* [Supplied records]:
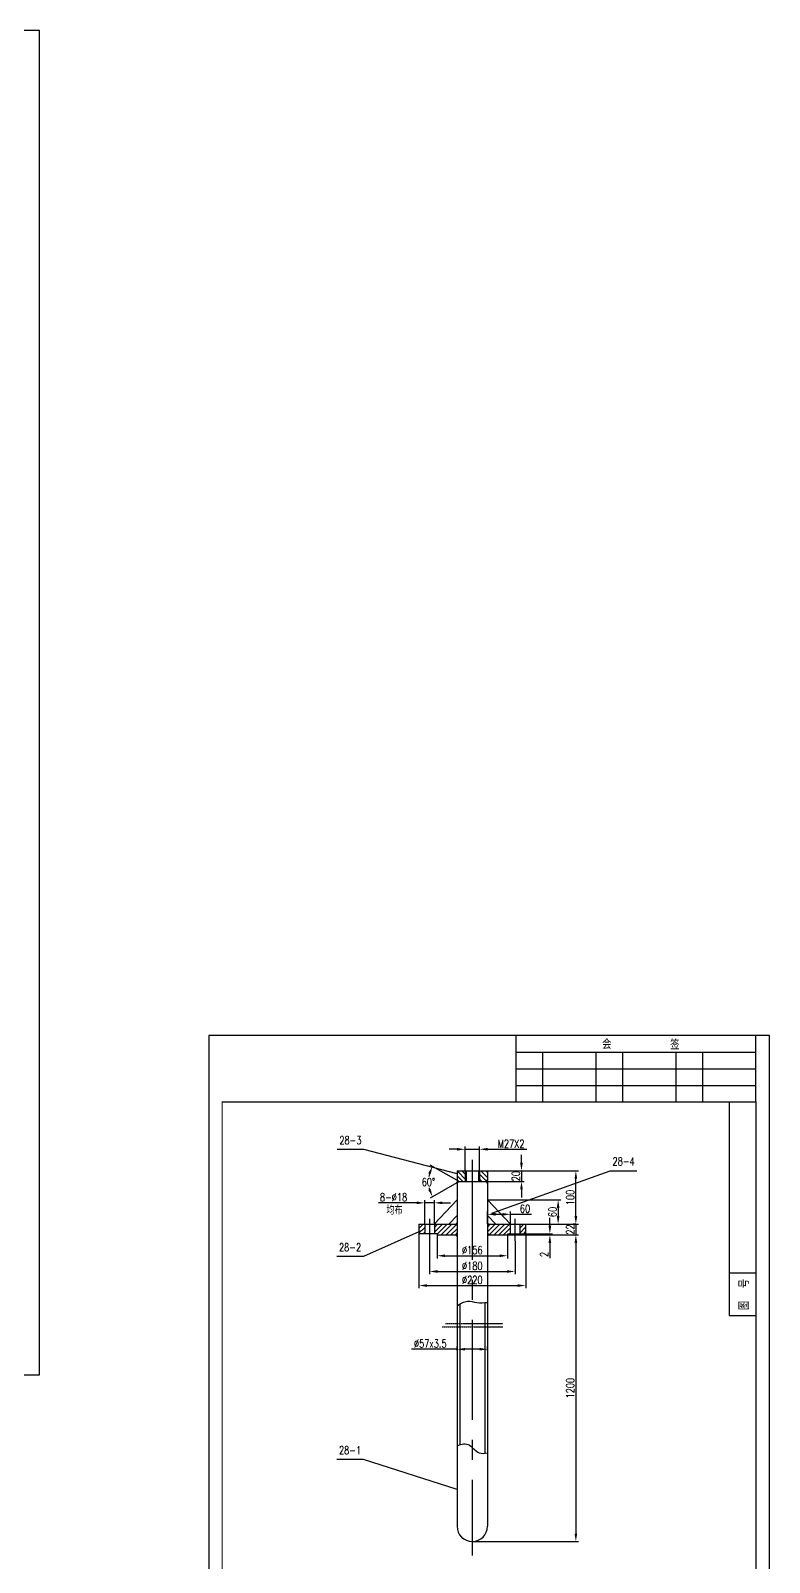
# Model space of a CAD drawing. Extents: x 6109 to 86747, y -17046 to 6992.
# Drawn here: x 45164 to 46548, y -4685 to -1813 of the extents above; entities that cross this region are included whole.
import ezdxf
from ezdxf.enums import TextEntityAlignment as Align

# ---------------------------------------------------------------- set-up
doc = ezdxf.new("R2010")
doc.units = 0
doc.header["$LTSCALE"] = 150
doc.header["$MEASUREMENT"] = 0
for name, pattern in [('CENTER', [2, 1.25, -0.25, 0.25, -0.25]), ('CONTINOUS', [0]), ('PHANTOM2', [1.25, 0.625, -0.125, 0.125, -0.125, 0.125, -0.125])]:
    doc.linetypes.add(name, pattern=pattern)
doc.layers.get('0').update_dxf_attribs({"linetype": 'CONTINUOUS'})
doc.layers.get('DEFPOINTS').update_dxf_attribs({"linetype": 'CONTINUOUS'})
for name, color, linetype in [('4', 4, 'CONTINOUS'), ('BZ', 7, 'CONTINUOUS'), ('K1', 4, 'CONTINUOUS'), ('TANK', 1, 'CONTINUOUS'), ('ZXX', 2, 'CENTER')]:
    doc.layers.add(name, color=color, linetype=linetype)
doc.styles.add('HZ', font='txt', dxfattribs={"width": 0.75, "bigfont": 'hztxt'})
doc.styles.add('HZFS', font='simplex.shx', dxfattribs={"width": 0.75, "bigfont": 'hzfs.shx'})
doc.styles.get("Standard").update_dxf_attribs({"font": 'txt', "width": 0.75, "bigfont": 'hztxt.shx'})
doc.dimstyles.get("Standard").update_dxf_attribs({"dimtxt": 0.18, "dimasz": 0.18, "dimexe": 0.18, "dimexo": 0.0625, "dimgap": 0.09, "dimtad": 0, "dimtih": 1, "dimtoh": 1, "dimdec": 4, "dimzin": 0, "dimdsep": 46, "dimtxsty": 'Standard', "dimcen": 0.09, "dimadec": 0, "dimazin": 0, "dimtfac": 1, "dimtdec": 4, "dimtofl": 0, "dimtmove": 0, "dimatfit": 3, "dimfxl": 1, "dimtolj": 1, "dimtzin": 0, "dimarcsym": 0})

# ---------------------------------------------------------------- blocks, each defined once
blk = doc.blocks.new('HQ')
for p, q in [((-18.75, -90), (-18.75, 0)), ((-12.5, -90), (-12.5, 0)), ((-6.25, -90), (-6.25, 0)), ((64, -10), (64, 0)), ((80, -10), (80, 0)), ((0, -10), (80, -10)), ((-18.75, -20), (0, -20)), ((-18.75, -30), (0, -30)), ((-18.75, -50), (0, -50)), ((-18.75, -60), (0, -60)), ((-18.75, -80), (0, -80)), ((-25, -90), (0, -90))]:
    blk.add_line(p, q)
at = {"layer": 'K1', "color": 7}
blk.add_line((0, 0), (-25, 0), dxfattribs=at)
at = {"style": 'HZ', "width": 0.75}
for s, rotation, p in [('图  号', 180, (78.04, -2.6)), ('签', 90, (-19.68, -32.16)), ('会         ', 90, (-19.87, -57.68))]:
    blk.add_text(s, height=3.5, rotation=rotation, dxfattribs=at).set_placement(p)
blk = doc.blocks.new('*D343')
at = {"color": 0, "lineweight": -2}
for p, q in [((46057.9, -4070.9), (46190.3, -4070.9)), ((46185.3, -4085.9), (46185.3, -4630.8)), ((45991.9, -4645.8), (46190.3, -4645.8))]:
    blk.add_line(p, q, dxfattribs=at)
at = {"color": 0}
for points in [[(46182.8, -4085.9), (46187.8, -4085.9), (46185.3, -4070.9)], [(46182.8, -4630.8), (46187.8, -4630.8), (46185.3, -4645.8)]]:
    blk.add_solid(points, dxfattribs=at)
at = {"layer": 'DEFPOINTS', "color": 0}
for p in [(46057.3, -4070.9), (45991.3, -4645.8), (46185.3, -4645.8)]:
    blk.add_point(p, dxfattribs=at)
at = {"color": 0, "insert": (46174.8, -4358.4), "char_height": 15, "attachment_point": 5, "rotation": 90, "style": 'HZFS'}
blk.add_mtext('\\A1;1200', dxfattribs=at)
blk = doc.blocks.new('*D344')
at = {"color": 0, "lineweight": -2}
for p, q in [((45887.3, -4010.9), (45815.4, -4010.9)), ((45902.3, -4050.3), (45902.3, -4005.9)), ((45920.3, -4010.9), (45902.3, -4010.9)), ((45920.3, -4050.3), (45920.3, -4005.9)), ((45935.3, -4010.9), (45950.3, -4010.9))]:
    blk.add_line(p, q, dxfattribs=at)
at = {"color": 0}
for points in [[(45887.3, -4008.4), (45887.3, -4013.4), (45902.3, -4010.9)], [(45935.3, -4008.4), (45935.3, -4013.4), (45920.3, -4010.9)]]:
    blk.add_solid(points, dxfattribs=at)
at = {"layer": 'DEFPOINTS', "color": 0}
for p in [(45902.3, -4010.9), (45902.3, -4050.9), (45920.3, -4050.9)]:
    blk.add_point(p, dxfattribs=at)
at = {"color": 0, "insert": (45843.8, -4000.4), "char_height": 15, "attachment_point": 5, "style": 'HZFS'}
blk.add_mtext('\\A1;8-%%C18', dxfattribs=at)
blk = doc.blocks.new('*D345')
at = {"color": 0, "lineweight": -2}
for p, q in [((45962.8, -4285.4), (45877.5, -4285.4)), ((45962.8, -4287.7), (45962.8, -4280.4)), ((46004.8, -4285.4), (45977.8, -4285.4)), ((46019.8, -4287.7), (46019.8, -4280.4))]:
    blk.add_line(p, q, dxfattribs=at)
at = {"color": 0}
for points in [[(45977.8, -4282.9), (45977.8, -4287.9), (45962.8, -4285.4)], [(46004.8, -4282.9), (46004.8, -4287.9), (46019.8, -4285.4)]]:
    blk.add_solid(points, dxfattribs=at)
at = {"layer": 'DEFPOINTS', "color": 0}
for p in [(45962.8, -4285.4), (45962.8, -4288.4), (46019.8, -4288.4)]:
    blk.add_point(p, dxfattribs=at)
at = {"color": 0, "insert": (45912.6, -4274.9), "char_height": 15, "attachment_point": 5, "style": 'HZFS'}
blk.add_mtext('\\A1;%%C57x3.5', dxfattribs=at)
blk = doc.blocks.new('*D346')
at = {"color": 0, "lineweight": -2}
for p, q in [((46089, -3950.9), (46190.3, -3950.9)), ((46185.3, -4035.9), (46185.3, -3965.9)), ((46184.7, -4050.9), (46180.3, -4050.9))]:
    blk.add_line(p, q, dxfattribs=at)
at = {"color": 0}
for points in [[(46182.8, -3965.9), (46187.8, -3965.9), (46185.3, -3950.9)], [(46182.8, -4035.9), (46187.8, -4035.9), (46185.3, -4050.9)]]:
    blk.add_solid(points, dxfattribs=at)
at = {"layer": 'DEFPOINTS', "color": 0}
for p in [(46088.4, -3950.9), (46185.3, -3950.9), (46185.3, -4050.9)]:
    blk.add_point(p, dxfattribs=at)
at = {"color": 0, "insert": (46174.8, -4000.9), "char_height": 15, "attachment_point": 5, "rotation": 90, "style": 'HZFS'}
blk.add_mtext('\\A1;100', dxfattribs=at)
blk = doc.blocks.new('*D347')
at = {"color": 0, "lineweight": -2}
for p, q in [((46185.3, -4035.9), (46185.3, -4020.9)), ((46091.9, -4050.9), (46190.3, -4050.9)), ((46138.5, -4070.9), (46190.3, -4070.9)), ((46185.3, -4050.9), (46185.3, -4070.9)), ((46185.3, -4085.9), (46185.3, -4100.9))]:
    blk.add_line(p, q, dxfattribs=at)
at = {"color": 0}
for points in [[(46182.8, -4035.9), (46187.8, -4035.9), (46185.3, -4050.9)], [(46182.8, -4085.9), (46187.8, -4085.9), (46185.3, -4070.9)]]:
    blk.add_solid(points, dxfattribs=at)
at = {"layer": 'DEFPOINTS', "color": 0}
for p in [(46091.3, -4050.9), (46137.8, -4070.9), (46185.3, -4070.9)]:
    blk.add_point(p, dxfattribs=at)
at = {"color": 0, "insert": (46174.8, -4060.9), "char_height": 15, "attachment_point": 5, "rotation": 90, "style": 'HZFS'}
blk.add_mtext('\\A1;22', dxfattribs=at)
blk = doc.blocks.new('*D348')
at = {"color": 0, "lineweight": -2}
for p, q in [((46019.8, -4050.3), (46019.8, -4027.4)), ((46034.8, -4032.4), (46047.9, -4032.4)), ((46062.9, -4050.3), (46062.9, -4027.4)), ((46062.9, -4032.4), (46102.1, -4032.4))]:
    blk.add_line(p, q, dxfattribs=at)
at = {"color": 0}
for points in [[(46034.8, -4029.9), (46034.8, -4034.9), (46019.8, -4032.4)], [(46047.9, -4029.9), (46047.9, -4034.9), (46062.9, -4032.4)]]:
    blk.add_solid(points, dxfattribs=at)
at = {"layer": 'DEFPOINTS', "color": 0}
for p in [(46019.8, -4032.4), (46019.8, -4050.9), (46062.9, -4050.9)]:
    blk.add_point(p, dxfattribs=at)
at = {"color": 0, "insert": (46090, -4021.9), "char_height": 15, "attachment_point": 5, "style": 'HZFS'}
blk.add_mtext('\\A1;60', dxfattribs=at)
blk = doc.blocks.new('*D349')
at = {"color": 0, "lineweight": -2}
for p, q in [((46020.4, -4005.3), (46157.1, -4005.3)), ((46152.1, -4020.3), (46152.1, -4035.9)), ((46124.2, -4050.9), (46157.1, -4050.9))]:
    blk.add_line(p, q, dxfattribs=at)
at = {"color": 0}
for points in [[(46149.6, -4020.3), (46154.6, -4020.3), (46152.1, -4005.3)], [(46149.6, -4035.9), (46154.6, -4035.9), (46152.1, -4050.9)]]:
    blk.add_solid(points, dxfattribs=at)
at = {"layer": 'DEFPOINTS', "color": 0}
for p in [(46019.8, -4005.3), (46123.6, -4050.9), (46152.1, -4050.9)]:
    blk.add_point(p, dxfattribs=at)
at = {"color": 0, "insert": (46141.6, -4028.1), "char_height": 15, "attachment_point": 5, "rotation": 90, "style": 'HZFS'}
blk.add_mtext('\\A1;60', dxfattribs=at)
blk = doc.blocks.new('*D350')
at = {"color": 0, "lineweight": -2}
for p, q in [((45925.3, -4071.5), (45925.3, -4115.1)), ((46057.3, -4071.5), (46057.3, -4115.1)), ((45940.3, -4110.1), (46042.3, -4110.1))]:
    blk.add_line(p, q, dxfattribs=at)
at = {"color": 0}
for points in [[(45940.3, -4107.6), (45940.3, -4112.6), (45925.3, -4110.1)], [(46042.3, -4107.6), (46042.3, -4112.6), (46057.3, -4110.1)]]:
    blk.add_solid(points, dxfattribs=at)
at = {"layer": 'DEFPOINTS', "color": 0}
for p in [(45925.3, -4070.9), (46057.3, -4070.9), (46057.3, -4110.1)]:
    blk.add_point(p, dxfattribs=at)
at = {"color": 0, "insert": (45991.3, -4099.6), "char_height": 15, "attachment_point": 5, "style": 'HZFS'}
blk.add_mtext('\\A1;%%C156', dxfattribs=at)
blk = doc.blocks.new('*D351')
at = {"color": 0, "lineweight": -2}
for p, q in [((45911.3, -4086.7), (45911.3, -4144.6)), ((46071.3, -4082.7), (46071.3, -4144.6)), ((45926.3, -4139.6), (46056.3, -4139.6))]:
    blk.add_line(p, q, dxfattribs=at)
at = {"color": 0}
for points in [[(45926.3, -4137.1), (45926.3, -4142.1), (45911.3, -4139.6)], [(46056.3, -4137.1), (46056.3, -4142.1), (46071.3, -4139.6)]]:
    blk.add_solid(points, dxfattribs=at)
at = {"layer": 'DEFPOINTS', "color": 0}
for p in [(45911.3, -4086.1), (46071.3, -4082.1), (46071.3, -4139.6)]:
    blk.add_point(p, dxfattribs=at)
at = {"color": 0, "insert": (45991.3, -4129.1), "char_height": 15, "attachment_point": 5, "style": 'HZFS'}
blk.add_mtext('\\A1;%%C180', dxfattribs=at)
blk = doc.blocks.new('*D352')
at = {"color": 0, "lineweight": -2}
for p, q in [((46136.6, -4053.9), (46136.6, -4038.9)), ((46091.9, -4068.9), (46141.6, -4068.9)), ((46091.9, -4070.9), (46141.6, -4070.9)), ((46136.6, -4068.9), (46136.6, -4070.9)), ((46136.6, -4085.9), (46136.6, -4114.4))]:
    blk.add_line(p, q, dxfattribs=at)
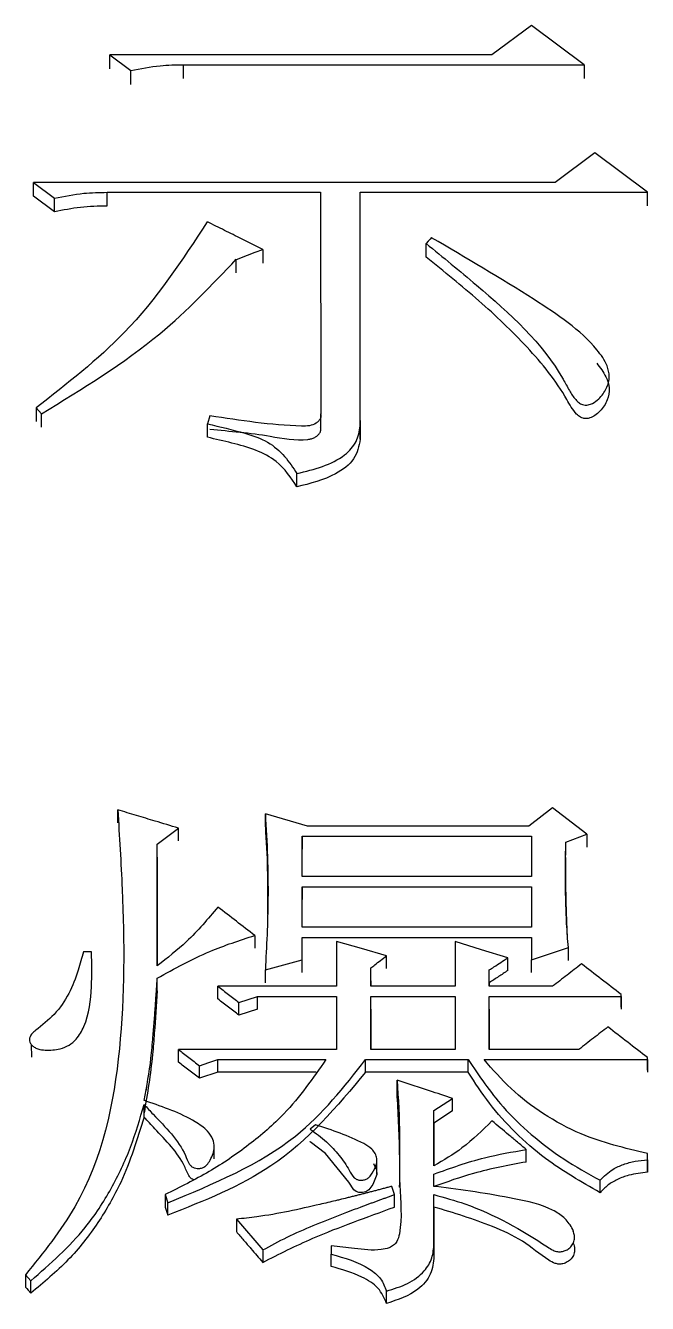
# Model space of a CAD drawing. Header units: millimetres. Extents: x 2003 to 4439, y 563 to 2285.
# Drawn here: x 2510.86 to 2513.41, y 2077.64 to 2082.88 of the extents above; entities that cross this region are included whole.
import ezdxf

# ---------------------------------------------------------------- set-up
doc = ezdxf.new("R2010")
doc.units = ezdxf.units.MM

msp = doc.modelspace()

# ---------------------------------------------------------------- linework, layer by layer
at = {"color": 7, "linetype": 'Continuous', "lineweight": 25}
for p, q in [((2512.938, 2082.8831), (2512.7758, 2082.7627)), ((2513.1544, 2082.7225), (2512.938, 2082.8831)), ((2511.2073, 2082.7627), (2511.2938, 2082.6984)), ((2511.2073, 2082.7058), (2511.2073, 2082.7627)), ((2511.5101, 2082.7225), (2513.1544, 2082.7225)), ((2511.5101, 2082.6656), (2511.5101, 2082.7225)), ((2513.1544, 2082.7225), (2513.1544, 2082.6656)), ((2511.2938, 2082.6416), (2511.2938, 2082.6984)), ((2513.1976, 2082.3602), (2513.0354, 2082.2391)), ((2513.414, 2082.1987), (2513.1976, 2082.3602)), ((2510.8936, 2082.2391), (2510.9801, 2082.1745)), ((2513.0354, 2082.2391), (2510.8936, 2082.2391)), ((2510.8936, 2082.1828), (2510.8936, 2082.2391)), ((2510.9801, 2082.118), (2510.8936, 2082.1826)), ((2511.1964, 2082.1987), (2512.0726, 2082.1987)), ((2511.1964, 2082.1425), (2511.1964, 2082.1987)), ((2512.0726, 2082.1987), (2512.0727, 2081.2892)), ((2512.2349, 2082.1987), (2513.414, 2082.1987)), ((2512.2349, 2081.2402), (2512.2349, 2082.1987)), ((2512.2349, 2082.1425), (2512.2349, 2082.1987)), ((2513.414, 2082.1425), (2513.414, 2082.1987)), ((2510.9801, 2082.1182), (2510.9801, 2082.1745)), ((2512.5054, 2081.9323), (2512.5054, 2081.9884)), ((2511.7264, 2081.8676), (2511.7264, 2081.9235)), ((2511.8347, 2081.9641), (2511.8347, 2081.9081)), ((2510.9044, 2081.3137), (2510.926, 2081.2893)), ((2510.9044, 2081.3137), (2510.9044, 2081.2584)), ((2510.926, 2081.2341), (2510.926, 2081.2893)), ((2512.0727, 2081.2339), (2512.0727, 2081.2892)), ((2511.6183, 2081.281), (2511.6075, 2081.2484)), ((2512.2349, 2081.2615), (2512.2349, 2081.185)), ((2512.2349, 2081.185), (2512.2349, 2081.2402)), ((2511.9753, 2080.9893), (2511.9753, 2081.0441)), ((2511.2397, 2079.6105), (2511.2397, 2079.6637)), ((2513.0246, 2079.672), (2512.9272, 2079.5973)), ((2513.1652, 2079.5641), (2513.0246, 2079.672)), ((2512.0186, 2079.5973), (2511.8455, 2079.6471)), ((2511.8455, 2079.594), (2511.8455, 2079.6471)), ((2511.402, 2079.5226), (2511.4885, 2079.589)), ((2511.4885, 2079.536), (2511.4885, 2079.589)), ((2511.997, 2079.5558), (2512.9381, 2079.5558)), ((2511.997, 2079.3897), (2511.997, 2079.5558)), ((2511.997, 2079.5558), (2511.997, 2079.5028)), ((2512.9272, 2079.5973), (2512.0186, 2079.5973)), ((2512.9381, 2079.5558), (2512.9381, 2079.3897)), ((2513.0787, 2079.5309), (2513.1652, 2079.5641)), ((2513.1652, 2079.5641), (2513.1652, 2079.5111)), ((2511.402, 2079.0232), (2511.402, 2079.5226)), ((2511.402, 2079.4697), (2511.402, 2079.5226)), ((2511.997, 2079.3897), (2511.997, 2079.5028)), ((2513.0787, 2079.4779), (2513.0787, 2079.5309)), ((2511.402, 2079.4696), (2511.402, 2079.0276)), ((2511.854, 2079.4088), (2511.854, 2079.235)), ((2512.9381, 2079.3897), (2511.997, 2079.3897)), ((2511.997, 2079.3481), (2512.9381, 2079.3481)), ((2511.997, 2079.1816), (2511.997, 2079.3481)), ((2511.997, 2079.3481), (2511.997, 2079.2953)), ((2512.9381, 2079.3481), (2512.9381, 2079.1816)), ((2511.997, 2079.1816), (2511.997, 2079.2953)), ((2511.8022, 2079.1482), (2511.8022, 2079.0958)), ((2512.9381, 2079.1816), (2511.997, 2079.1816)), ((2511.997, 2079.1399), (2512.9381, 2079.1399)), ((2511.997, 2079.0482), (2511.997, 2079.1399)), ((2511.997, 2079.0874), (2511.997, 2079.1399)), ((2512.9381, 2079.1399), (2512.9381, 2079.0482)), ((2511.1316, 2079.0816), (2511.0991, 2079.0816)), ((2511.997, 2078.9958), (2511.997, 2079.0874)), ((2512.1376, 2079.1232), (2512.1376, 2078.9397)), ((2512.6244, 2079.1232), (2512.6244, 2078.9397)), ((2512.9381, 2079.0482), (2513.0895, 2079.0982)), ((2513.0895, 2079.0458), (2513.0895, 2079.0982)), ((2511.8455, 2079.0065), (2511.997, 2079.0482)), ((2511.997, 2078.9958), (2511.997, 2079.0482)), ((2512.3431, 2079.0125), (2512.3431, 2079.0649)), ((2512.8407, 2079.0042), (2512.8407, 2079.0565)), ((2512.9381, 2078.9958), (2512.9381, 2079.0482)), ((2511.1334, 2079.0045), (2511.1334, 2079.0048)), ((2511.8455, 2078.9542), (2511.8455, 2079.0065)), ((2512.2782, 2078.9397), (2512.2782, 2079.0148)), ((2512.2782, 2078.9625), (2512.2782, 2079.0148)), ((2512.765, 2078.9397), (2512.765, 2079.0065)), ((2512.765, 2078.9542), (2512.765, 2079.0065)), ((2511.402, 2078.9208), (2511.402, 2078.9731)), ((2512.1376, 2078.9397), (2511.6508, 2078.9397)), ((2511.6508, 2078.8875), (2511.6508, 2078.9397)), ((2512.2782, 2078.9625), (2512.2782, 2078.9397)), ((2512.6244, 2078.9397), (2512.2782, 2078.9397)), ((2512.765, 2078.9542), (2512.765, 2078.9397)), ((2513.0246, 2078.9397), (2512.765, 2078.9397)), ((2511.7373, 2078.8207), (2511.7373, 2078.8729)), ((2511.8131, 2078.8979), (2512.1376, 2078.8979)), ((2511.8131, 2078.8458), (2511.8131, 2078.8979)), ((2512.1376, 2078.8979), (2512.1376, 2078.6805)), ((2512.2782, 2078.8979), (2512.6244, 2078.8979)), ((2512.2782, 2078.6805), (2512.2782, 2078.8979)), ((2512.2782, 2078.8458), (2512.2782, 2078.8979)), ((2512.6244, 2078.8979), (2512.6244, 2078.6805)), ((2512.765, 2078.8979), (2513.3059, 2078.8979)), ((2512.765, 2078.6805), (2512.765, 2078.8979)), ((2512.765, 2078.8458), (2512.765, 2078.8979)), ((2513.3059, 2078.8979), (2513.3059, 2078.9063)), ((2513.3059, 2078.8541), (2513.3059, 2078.9063)), ((2513.3059, 2078.8979), (2513.3059, 2078.8458)), ((2511.8131, 2078.8458), (2511.7373, 2078.8207)), ((2512.2782, 2078.8458), (2512.2782, 2078.6805)), ((2512.765, 2078.8458), (2512.765, 2078.6805)), ((2510.8849, 2078.7008), (2510.885, 2078.6486)), ((2512.1376, 2078.6805), (2511.4885, 2078.6805)), ((2512.6244, 2078.6805), (2512.2782, 2078.6805)), ((2513.1328, 2078.6805), (2512.765, 2078.6805)), ((2511.5751, 2078.5618), (2511.5751, 2078.6135)), ((2511.6508, 2078.6387), (2512.0943, 2078.6387)), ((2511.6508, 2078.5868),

* [Exercise aim]: Give back an exact repeat of the lines from the top of the data through the line that holds "for name, pattern", both included, and omit pictures.

* [Answer]:
# Model space of a CAD drawing. Extents: x 6109 to 86747, y -17046 to 6992.
# Drawn here: x 45164 to 46548, y -4685 to -1813 of the extents above; entities that cross this region are included whole.
import ezdxf
from ezdxf.enums import TextEntityAlignment as Align

# ---------------------------------------------------------------- set-up
doc = ezdxf.new("R2010")
doc.units = 0
doc.header["$LTSCALE"] = 150
doc.header["$MEASUREMENT"] = 0
for name, pattern in [('CENTER', [2, 1.25, -0.25, 0.25, -0.25]), ('CONTINOUS', [0]), ('PHANTOM2', [1.25, 0.625, -0.125, 0.125, -0.125, 0.125, -0.125])]:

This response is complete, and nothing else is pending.